I would think no. Its like free wine at a gallery opening or some such event? We have been given free wine at xmas lunch in work and there is no licence in place. If its free I cant imagine you need a licence.


----------



## mathepac (7 Aug 2008)

Daveydoris said:


> ...I'm looking to give out a glass or 2 of wine to customers in a hair salon on Saturdays. ...


Every Saturday?


----------



## moondance (7 Aug 2008)

Where's the hair salon???


----------



## DavyJones (7 Aug 2008)

I think it only applies if you are selling the wine, if its free then you don't need a licence AFAIK.


----------



## Blossy (7 Aug 2008)

moondance said:


> Where's the hair salon???


 
exactly, and you will think your gods gift leaving, best idea ever!!!!!!!!!


----------



## Daveydoris (7 Aug 2008)

Thanks for the enthusastic replies every one ;-) Yes, we'll probably be giving out wine every Saturday, I just hope it doesn't get messy ! We're not open yet..probably 6 weeks away from opening ( salon is in west Dublin) but I'll post back when we are in case anyone is interested in taking us up on the freebies! Or just PM me for more info

Thanks again


----------



## truthseeker (7 Aug 2008)

Daveydoris said:


> Yes, we'll probably be giving out wine every Saturday


 
Itll be the busiest hair salon in the country! 
Do ye do anything other than hair (nails perhaps)?


----------



## ClubMan (7 Aug 2008)

Do you do anything other than wine? _Guinness_ maybe?


----------



## eileen alana (7 Aug 2008)

or Baileys...??


----------



## Daveydoris (7 Aug 2008)

truthseeker said:


> Itll be the busiest hair salon in the country!
> Do ye do anything other than hair (nails perhaps)?


 
Not to start with I'm afraid...we will be going down that road shortly after opening though.


----------



## Daveydoris (7 Aug 2008)

Guiness\Baileys...I mightn't be able to swing that but you never know ;-)


----------



## Lauren (7 Aug 2008)

I've noticed this in other salons too except they do it every day. I'm often tempted but I'm usually driving so can't! I wondered about the license thing too....As you say I guess its not being sold so none required....


----------



## truthseeker (7 Aug 2008)

Lauren said:


> I've noticed this in other salons too except they do it every day.


 
Where are these salons that you speak of? Ive not noticed it anywhere!


----------



## jhegarty (7 Aug 2008)

I presume to get around things it would have to be completely free and not tied to a purchase ?

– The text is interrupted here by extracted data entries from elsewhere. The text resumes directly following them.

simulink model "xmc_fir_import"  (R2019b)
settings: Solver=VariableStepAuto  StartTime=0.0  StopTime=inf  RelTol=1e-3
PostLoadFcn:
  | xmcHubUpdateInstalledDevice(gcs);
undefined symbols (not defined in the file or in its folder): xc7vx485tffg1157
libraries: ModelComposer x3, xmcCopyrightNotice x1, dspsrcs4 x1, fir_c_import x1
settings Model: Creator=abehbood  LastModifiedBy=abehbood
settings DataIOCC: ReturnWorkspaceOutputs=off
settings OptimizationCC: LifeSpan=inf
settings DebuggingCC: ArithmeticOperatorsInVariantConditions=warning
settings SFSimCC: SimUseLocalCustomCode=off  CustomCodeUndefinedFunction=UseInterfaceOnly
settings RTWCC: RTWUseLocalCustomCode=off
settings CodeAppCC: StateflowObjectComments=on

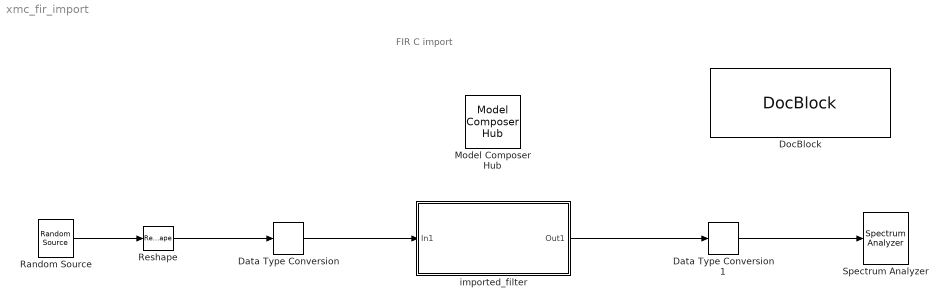
== system xmc_fir_import ==
  note: FIR C import
  Data Type Conversion : ModelComposer/Data Type Conversion  OutDataType=fixed  TypeExp=''  Signedness=Signed  WordLength=17  FractionalLength=14  RoundingMode=Truncation to minus infinity  OverflowMode=Wrap around
  Data Type Conversion1 : ModelComposer/Data Type Conversion  OutDataType=double  TypeExp=''  Signedness=Signed  WordLength=16  FractionalLength=0  RoundingMode=Truncation to minus infinity  OverflowMode=Wrap around
  DocBlock : xmcCopyrightNotice/DocBlock
      content=|
      | (c) Copyright 2017-2018 Xilinx, Inc. All rights reserved.
      |
      | This file contains confidential and proprietary information of Xilinx, Inc.
      | and is protected under U.S. and international copyright and other
      | intellectual property laws.
      |
      | DISCLAIMER
      | This disclaimer is not a license and does not grant any rights to the
      | materials distributed herewith. Except as otherwise provided in a valid
      | license issued to you by Xilinx, and to the maximum extent permitted by
      | applicable law: (1) THESE MATERIALS ARE MADE AVAILABLE "AS IS" AND WITH
      | ALL FAULTS, AND XILINX HEREBY DISCLAIMS ALL WARRANTIES AND CONDITIONS,
      | EXPRESS, IMPLIED, OR STATUTORY, INCLUDING BUT NOT LIMITED TO WARRANTIES
      | OF MERCHANTABILITY, NON-INFRINGEMENT, OR FITNESS FOR ANY PARTICULAR
      | PURPOSE; and (2) Xilinx shall not be liable (whether in contract or tort,
      | including negligence, or under any other theory of liability) for any
      | loss or damage of any kind or nature related to, arising under or in
      | connection with these materials, including for any direct, or any indirect,
      | special, incidental, or consequential loss or damage (including loss of
      | data, profits, goodwill, or any type of loss or damage suffered as a
      | result of any action brought by a third party) even if such damage or loss
      | was reasonably foreseeable or Xilinx had been advised of the possibility
      | of the same.
      |
      | CRITICAL APPLICATIONS
      | Xilinx products are not designed or intended to be fail-safe, or for use
      | in any application requiring fail-safe performance, such as life-support
      | or safety devices or systems, Class III medical devices, nuclear
      | facilities, applications related to the deployment of airbags, or
      | any other applications that could lead to death, personal injury, or
      | severe property or environmental damage (individually and collectively,
      | "Critical Applications"). Customer assumes the sole risk and liability
      | of any use of Xilinx products in Critical Applications, subject only to
      | applicable laws and regulations governing limitations on product liability.
      |
      | THIS COPYRIGHT NOTICE AND DISCLAIMER MUST BE RETAINED AS PART OF
      | THIS FILE AT ALL TIMES.
      settings: SourceProductName=Simulink  SourceProductBaseCode=SL
  Model Composer Hub : ModelComposer/Model Composer Hub  CodeGeneration=off  SubsystemName=imported_filter  TargetDirectory=./code  ExportType=HLS C++ code  IpVendor=xilinx.com  IpLibrary=hls  IpVersion=1.0  IpHWLanguage=Verilog  AieCompilerOptions={}  CreateTestbench=off  TestbenchStackSize=10  RunAieSim=off  AieSimTimeout=50000  LaunchVitisAnalyzer=off  RunX86Sim=on  X86SimTimeout=10  ProjDevice=xc7vx485tffg1157-1  ProjDevicePart=xc7vx485tffg1157-1  SamplePeriod=-1  ClockFrequency=200  DataPathParallelism=1
  Random Source : dspsrcs4/Random Source  SrcType=Gaussian  NormMethod=Ziggurat  CltLength=12  MinVal=0  MaxVal=1  MeanVal=0  VarVal=1  RepMode=Not repeatable  rawSeed=1  IsInherit=off  SampMode=Discrete  SampTime=1  SampFrame=100  DataType=Double  OutComplex=Real  OutputFrames=off
  Reshape : Reshape
  Spectrum Analyzer : SpectrumAnalyzer
  imported_filter : Subsystem
  wires:
  Data Type Conversion1/1 -> Spectrum Analyzer/1
  Random Source/1 -> Reshape/1
  Data Type Conversion/1 -> imported_filter/1(In1)
  imported_filter/1(Out1) -> Data Type Conversion1/1
  Reshape/1 -> Data Type Conversion/1

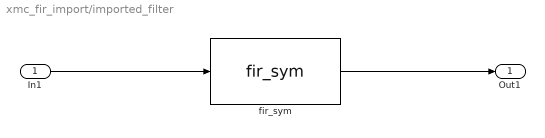
== system xmc_fir_import/imported_filter ==
  In1 : Inport
  fir_sym : fir_c_import/fir_sym  LibraryFunction=fir_sym  IncludeFiles={'fir_sym.h'}  SourceFiles={'fir.h', 'fir_sym.cpp', 'coef_halfof103.inc'}  IncludeDirectories={}  TemplateParams={' '}  FunctionParamTypes={xmcDataType('void'); xmcDataType('ap_fixed<17, 3, AP_TRN, AP_WRAP>'); xmcDataType('ap_fixed<17, 3, AP_TRN, AP_WRAP>')}  FunctionParamPassbys={0.000000000000000000e+00; 0.000000000000000000e+00; 0.000000000000000000e+00}  FunctionParamDimensions={'1'; '[100]'; '[100]'}  FunctionParamNames={'return'; 'din'; 'dout'}  FunctionParamDir={0.000000000000000000e+00; 1.000000000000000000e+00; 2.000000000000000000e+00}  FunctionParamSupportsStreaming={true; true; true}  BufferDepth={'0'}  FunctionParamValues={'0'; '0'; '0'}  ThroughputFactors={''}
  Out1 : Outport
  wires:
  In1/1 -> fir_sym/1
  fir_sym/1 -> Out1/1

i.e. people can walk in off the street , have a glass, and walk out again without paying anything...


----------



## truthseeker (7 Aug 2008)

jhegarty said:


> I presume to get around things it would have to be completely free and not tied to a purchase ?
> 
> i.e. people can walk in off the street , have a glass, and walk out again without paying anything...


 
Surely you'd have no business being in a hair salon unless you were a customer - its not selling products you can browse?


----------



## Lauren (7 Aug 2008)

Junaberry on Ormond Quay and House of Colour on Liffey Street are two I know of.


----------



## rmelly (7 Aug 2008)

truthseeker said:


> Surely you'd have no business being in a hair salon unless you were a customer - its not selling products you can browse?


 
Do most not sell shampoos etc?


----------



## z107 (7 Aug 2008)

I suppose the idea is to differentiate it from a 'drinking den' where people try to circumvent licensing laws by paying for 'admission' while all the drink is 'free'.


----------